*** Extracted entries

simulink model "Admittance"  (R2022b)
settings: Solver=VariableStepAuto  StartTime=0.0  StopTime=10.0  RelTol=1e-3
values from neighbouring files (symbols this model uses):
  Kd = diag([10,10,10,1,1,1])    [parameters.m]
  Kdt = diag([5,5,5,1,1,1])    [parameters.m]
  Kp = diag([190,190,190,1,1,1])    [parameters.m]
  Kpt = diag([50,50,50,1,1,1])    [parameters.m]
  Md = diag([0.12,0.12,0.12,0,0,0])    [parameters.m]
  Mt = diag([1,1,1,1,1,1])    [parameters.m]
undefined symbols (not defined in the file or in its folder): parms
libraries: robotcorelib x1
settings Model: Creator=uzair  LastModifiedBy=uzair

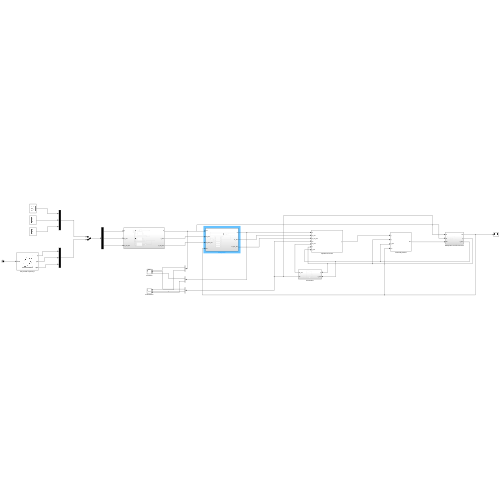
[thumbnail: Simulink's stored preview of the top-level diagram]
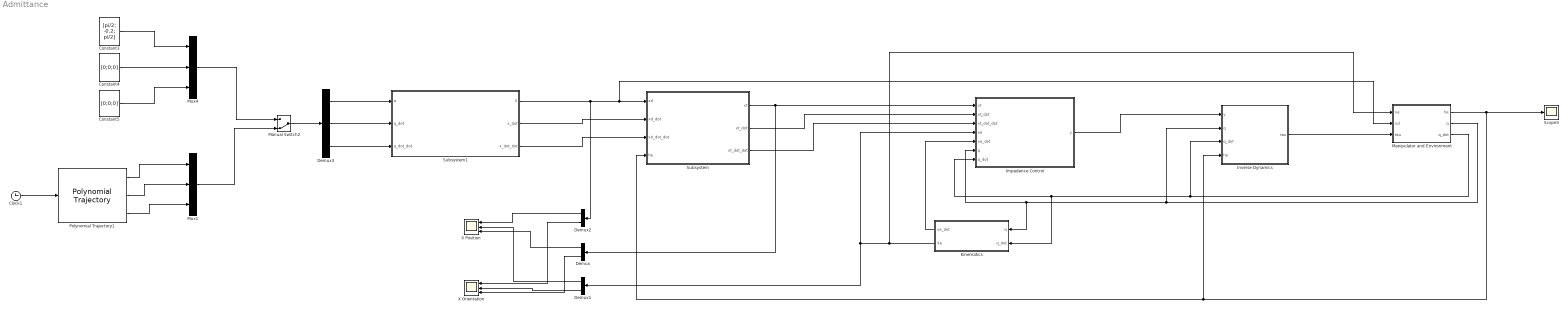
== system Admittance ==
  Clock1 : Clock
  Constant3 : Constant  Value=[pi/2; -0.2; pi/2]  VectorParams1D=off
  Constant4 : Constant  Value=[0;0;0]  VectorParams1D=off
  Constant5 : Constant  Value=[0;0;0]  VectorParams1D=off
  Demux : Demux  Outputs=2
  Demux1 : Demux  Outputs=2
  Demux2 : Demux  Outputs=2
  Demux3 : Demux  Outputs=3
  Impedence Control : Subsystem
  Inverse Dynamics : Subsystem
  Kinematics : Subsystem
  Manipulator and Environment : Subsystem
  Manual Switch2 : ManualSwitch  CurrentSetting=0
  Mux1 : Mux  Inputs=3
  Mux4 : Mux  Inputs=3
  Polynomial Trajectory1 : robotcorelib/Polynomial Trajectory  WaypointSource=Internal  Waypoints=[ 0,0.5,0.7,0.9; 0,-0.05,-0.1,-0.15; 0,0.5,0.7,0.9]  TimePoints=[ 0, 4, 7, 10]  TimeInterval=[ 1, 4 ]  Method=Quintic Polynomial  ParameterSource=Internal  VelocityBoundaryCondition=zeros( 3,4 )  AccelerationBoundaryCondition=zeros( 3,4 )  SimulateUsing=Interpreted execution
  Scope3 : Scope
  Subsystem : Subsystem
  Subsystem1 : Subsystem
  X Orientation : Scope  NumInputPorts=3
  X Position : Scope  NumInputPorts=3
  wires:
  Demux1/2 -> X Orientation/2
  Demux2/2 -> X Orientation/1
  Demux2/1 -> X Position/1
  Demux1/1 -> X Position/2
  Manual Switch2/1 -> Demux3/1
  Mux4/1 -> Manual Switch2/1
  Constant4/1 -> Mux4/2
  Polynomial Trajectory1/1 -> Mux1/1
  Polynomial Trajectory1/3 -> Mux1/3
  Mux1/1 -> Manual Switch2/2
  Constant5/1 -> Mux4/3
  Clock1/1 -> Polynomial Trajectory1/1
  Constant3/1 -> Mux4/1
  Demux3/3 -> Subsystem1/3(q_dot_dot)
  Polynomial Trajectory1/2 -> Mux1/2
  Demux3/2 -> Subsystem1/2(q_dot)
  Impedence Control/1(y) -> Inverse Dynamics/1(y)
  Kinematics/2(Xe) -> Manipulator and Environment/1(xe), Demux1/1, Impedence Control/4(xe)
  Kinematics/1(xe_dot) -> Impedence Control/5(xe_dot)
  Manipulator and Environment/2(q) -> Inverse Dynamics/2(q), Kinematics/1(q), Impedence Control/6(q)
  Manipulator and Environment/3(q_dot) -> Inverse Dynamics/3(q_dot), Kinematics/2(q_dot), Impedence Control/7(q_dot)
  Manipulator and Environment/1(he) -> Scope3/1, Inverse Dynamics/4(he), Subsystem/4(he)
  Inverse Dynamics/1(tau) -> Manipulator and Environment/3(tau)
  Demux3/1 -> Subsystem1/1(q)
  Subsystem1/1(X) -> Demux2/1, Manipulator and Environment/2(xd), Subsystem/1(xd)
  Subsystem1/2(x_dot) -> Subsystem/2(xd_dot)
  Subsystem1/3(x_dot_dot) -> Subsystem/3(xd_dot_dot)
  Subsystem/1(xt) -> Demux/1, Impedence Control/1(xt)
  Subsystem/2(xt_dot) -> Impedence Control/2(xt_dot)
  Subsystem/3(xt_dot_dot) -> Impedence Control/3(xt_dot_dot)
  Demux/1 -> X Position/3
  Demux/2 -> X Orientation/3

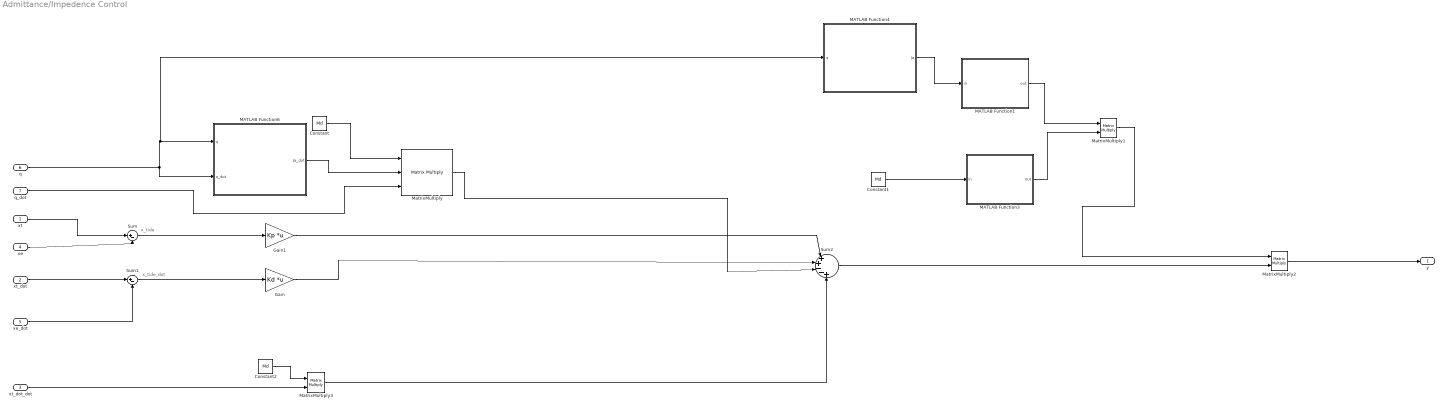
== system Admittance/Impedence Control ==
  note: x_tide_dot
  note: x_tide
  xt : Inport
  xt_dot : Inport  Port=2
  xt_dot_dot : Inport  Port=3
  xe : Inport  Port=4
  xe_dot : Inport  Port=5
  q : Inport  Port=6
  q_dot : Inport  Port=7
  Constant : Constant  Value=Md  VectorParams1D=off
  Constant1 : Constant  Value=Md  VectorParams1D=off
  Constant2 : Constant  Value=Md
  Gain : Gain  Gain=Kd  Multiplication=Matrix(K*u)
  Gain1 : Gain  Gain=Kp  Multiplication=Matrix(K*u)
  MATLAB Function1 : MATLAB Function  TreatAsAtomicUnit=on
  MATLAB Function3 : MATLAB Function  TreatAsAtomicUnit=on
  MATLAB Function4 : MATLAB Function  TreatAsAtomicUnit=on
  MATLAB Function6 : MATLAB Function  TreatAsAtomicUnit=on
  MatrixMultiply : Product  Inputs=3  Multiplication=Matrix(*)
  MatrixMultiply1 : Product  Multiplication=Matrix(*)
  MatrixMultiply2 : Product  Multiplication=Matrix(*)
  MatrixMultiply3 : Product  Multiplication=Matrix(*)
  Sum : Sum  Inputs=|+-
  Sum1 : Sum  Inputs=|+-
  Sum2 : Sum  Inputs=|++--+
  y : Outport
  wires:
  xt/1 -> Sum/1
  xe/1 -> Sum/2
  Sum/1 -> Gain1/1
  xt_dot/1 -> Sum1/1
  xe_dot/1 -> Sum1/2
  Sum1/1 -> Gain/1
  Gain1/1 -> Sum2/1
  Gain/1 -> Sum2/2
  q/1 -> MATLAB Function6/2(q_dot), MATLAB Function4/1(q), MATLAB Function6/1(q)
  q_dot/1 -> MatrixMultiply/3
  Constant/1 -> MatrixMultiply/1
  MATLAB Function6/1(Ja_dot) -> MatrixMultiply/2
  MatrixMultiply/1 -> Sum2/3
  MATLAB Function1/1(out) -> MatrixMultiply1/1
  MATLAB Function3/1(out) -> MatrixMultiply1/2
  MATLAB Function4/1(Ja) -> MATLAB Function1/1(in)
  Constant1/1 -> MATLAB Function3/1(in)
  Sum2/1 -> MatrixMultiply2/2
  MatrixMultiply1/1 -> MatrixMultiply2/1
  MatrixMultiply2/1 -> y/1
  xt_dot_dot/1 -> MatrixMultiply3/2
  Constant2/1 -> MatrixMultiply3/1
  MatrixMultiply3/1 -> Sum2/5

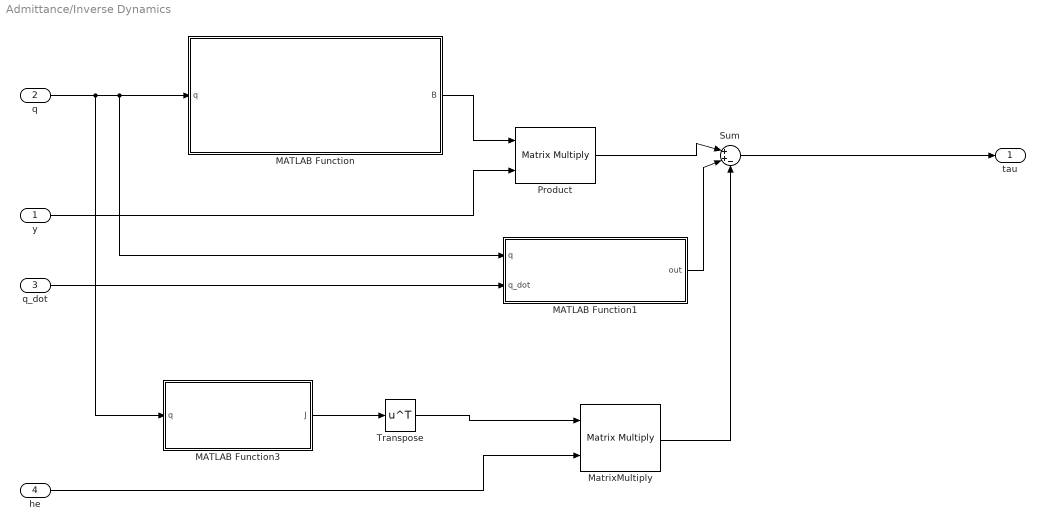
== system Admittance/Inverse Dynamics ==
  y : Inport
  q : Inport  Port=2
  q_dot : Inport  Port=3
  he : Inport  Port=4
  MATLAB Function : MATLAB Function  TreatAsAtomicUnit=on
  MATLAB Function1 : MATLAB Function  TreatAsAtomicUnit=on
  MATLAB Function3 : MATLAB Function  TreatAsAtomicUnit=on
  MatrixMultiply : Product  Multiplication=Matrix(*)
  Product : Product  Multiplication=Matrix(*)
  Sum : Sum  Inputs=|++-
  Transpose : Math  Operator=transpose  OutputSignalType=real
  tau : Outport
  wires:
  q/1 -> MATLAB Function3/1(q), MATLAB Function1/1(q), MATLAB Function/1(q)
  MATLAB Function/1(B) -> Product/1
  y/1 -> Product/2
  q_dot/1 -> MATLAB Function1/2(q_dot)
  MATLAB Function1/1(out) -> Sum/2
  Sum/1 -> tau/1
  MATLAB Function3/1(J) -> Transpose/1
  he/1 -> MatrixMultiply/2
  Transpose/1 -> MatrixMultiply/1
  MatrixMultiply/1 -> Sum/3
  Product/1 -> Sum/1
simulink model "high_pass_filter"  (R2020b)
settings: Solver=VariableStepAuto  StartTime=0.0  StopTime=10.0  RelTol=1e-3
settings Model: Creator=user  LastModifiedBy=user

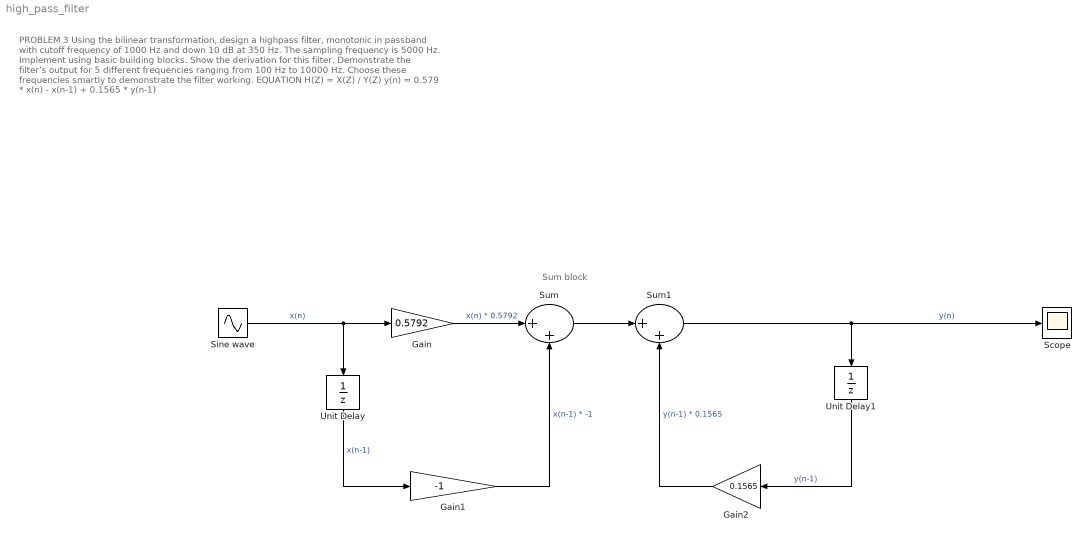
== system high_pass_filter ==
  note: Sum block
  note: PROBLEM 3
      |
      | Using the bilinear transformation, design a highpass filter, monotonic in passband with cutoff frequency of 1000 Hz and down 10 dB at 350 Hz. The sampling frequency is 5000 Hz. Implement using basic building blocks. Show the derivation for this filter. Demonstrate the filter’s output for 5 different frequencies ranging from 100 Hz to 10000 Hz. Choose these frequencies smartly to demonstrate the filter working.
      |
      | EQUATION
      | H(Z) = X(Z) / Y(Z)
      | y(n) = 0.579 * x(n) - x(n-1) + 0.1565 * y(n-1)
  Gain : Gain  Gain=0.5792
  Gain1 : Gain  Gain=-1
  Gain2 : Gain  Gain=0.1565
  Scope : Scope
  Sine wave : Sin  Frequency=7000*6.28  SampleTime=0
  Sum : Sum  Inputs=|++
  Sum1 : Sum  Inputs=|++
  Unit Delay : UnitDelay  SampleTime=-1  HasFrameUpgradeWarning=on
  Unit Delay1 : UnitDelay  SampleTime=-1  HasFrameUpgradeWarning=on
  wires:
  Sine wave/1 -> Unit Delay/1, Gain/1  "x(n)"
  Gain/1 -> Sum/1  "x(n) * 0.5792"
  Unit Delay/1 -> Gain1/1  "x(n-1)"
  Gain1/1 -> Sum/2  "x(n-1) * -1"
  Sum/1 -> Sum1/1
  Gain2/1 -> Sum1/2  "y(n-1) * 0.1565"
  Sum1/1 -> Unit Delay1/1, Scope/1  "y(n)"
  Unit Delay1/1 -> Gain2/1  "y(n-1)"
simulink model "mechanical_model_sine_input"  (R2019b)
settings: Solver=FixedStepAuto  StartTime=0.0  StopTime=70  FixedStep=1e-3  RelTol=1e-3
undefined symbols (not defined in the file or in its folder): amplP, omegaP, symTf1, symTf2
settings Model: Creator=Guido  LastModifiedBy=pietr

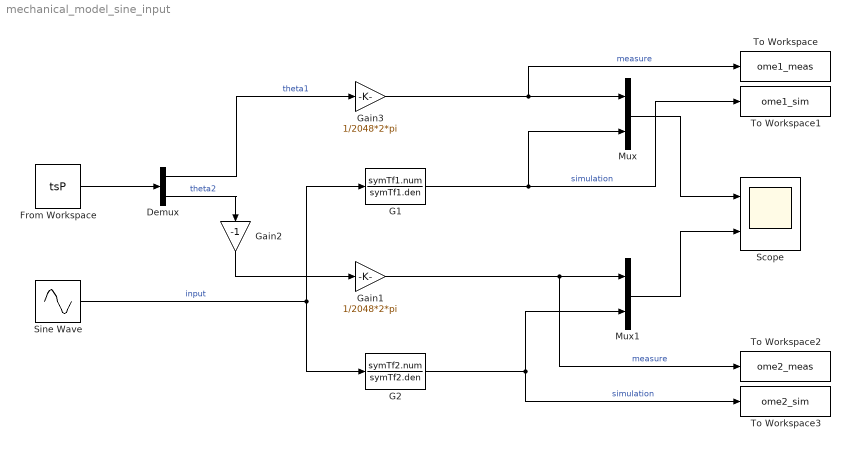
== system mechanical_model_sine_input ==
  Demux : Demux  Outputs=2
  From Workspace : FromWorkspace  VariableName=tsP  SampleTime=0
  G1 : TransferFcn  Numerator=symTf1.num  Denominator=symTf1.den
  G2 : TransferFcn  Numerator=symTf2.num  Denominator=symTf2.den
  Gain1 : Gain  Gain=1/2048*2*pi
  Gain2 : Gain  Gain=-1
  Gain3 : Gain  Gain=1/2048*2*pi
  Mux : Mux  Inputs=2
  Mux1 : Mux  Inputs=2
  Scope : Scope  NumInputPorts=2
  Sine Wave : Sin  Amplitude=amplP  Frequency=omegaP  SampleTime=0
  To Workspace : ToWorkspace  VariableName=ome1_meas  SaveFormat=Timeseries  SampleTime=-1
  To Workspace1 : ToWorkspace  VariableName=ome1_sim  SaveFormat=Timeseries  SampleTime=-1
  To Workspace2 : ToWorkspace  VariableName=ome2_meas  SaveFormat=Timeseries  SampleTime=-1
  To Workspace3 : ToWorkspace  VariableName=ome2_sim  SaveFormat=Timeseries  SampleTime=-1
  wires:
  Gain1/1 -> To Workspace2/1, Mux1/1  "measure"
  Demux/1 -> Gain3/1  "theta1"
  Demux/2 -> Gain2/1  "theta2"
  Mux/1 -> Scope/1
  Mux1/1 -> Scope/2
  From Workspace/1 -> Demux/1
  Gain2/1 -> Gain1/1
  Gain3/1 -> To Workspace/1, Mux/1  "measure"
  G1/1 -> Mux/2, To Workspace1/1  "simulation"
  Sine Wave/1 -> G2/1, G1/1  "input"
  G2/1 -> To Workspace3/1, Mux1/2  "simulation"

******

Work to be completed
Copy every line of the records above, starting with the first, up to and including the line containing "Kpt = diag([50,50,50,1,1,1])".

Finished exercise
simulink model "Admittance"  (R2022b)
settings: Solver=VariableStepAuto  StartTime=0.0  StopTime=10.0  RelTol=1e-3
values from neighbouring files (symbols this model uses):
  Kd = diag([10,10,10,1,1,1])    [parameters.m]
  Kdt = diag([5,5,5,1,1,1])    [parameters.m]
  Kp = diag([190,190,190,1,1,1])    [parameters.m]
  Kpt = diag([50,50,50,1,1,1])    [parameters.m]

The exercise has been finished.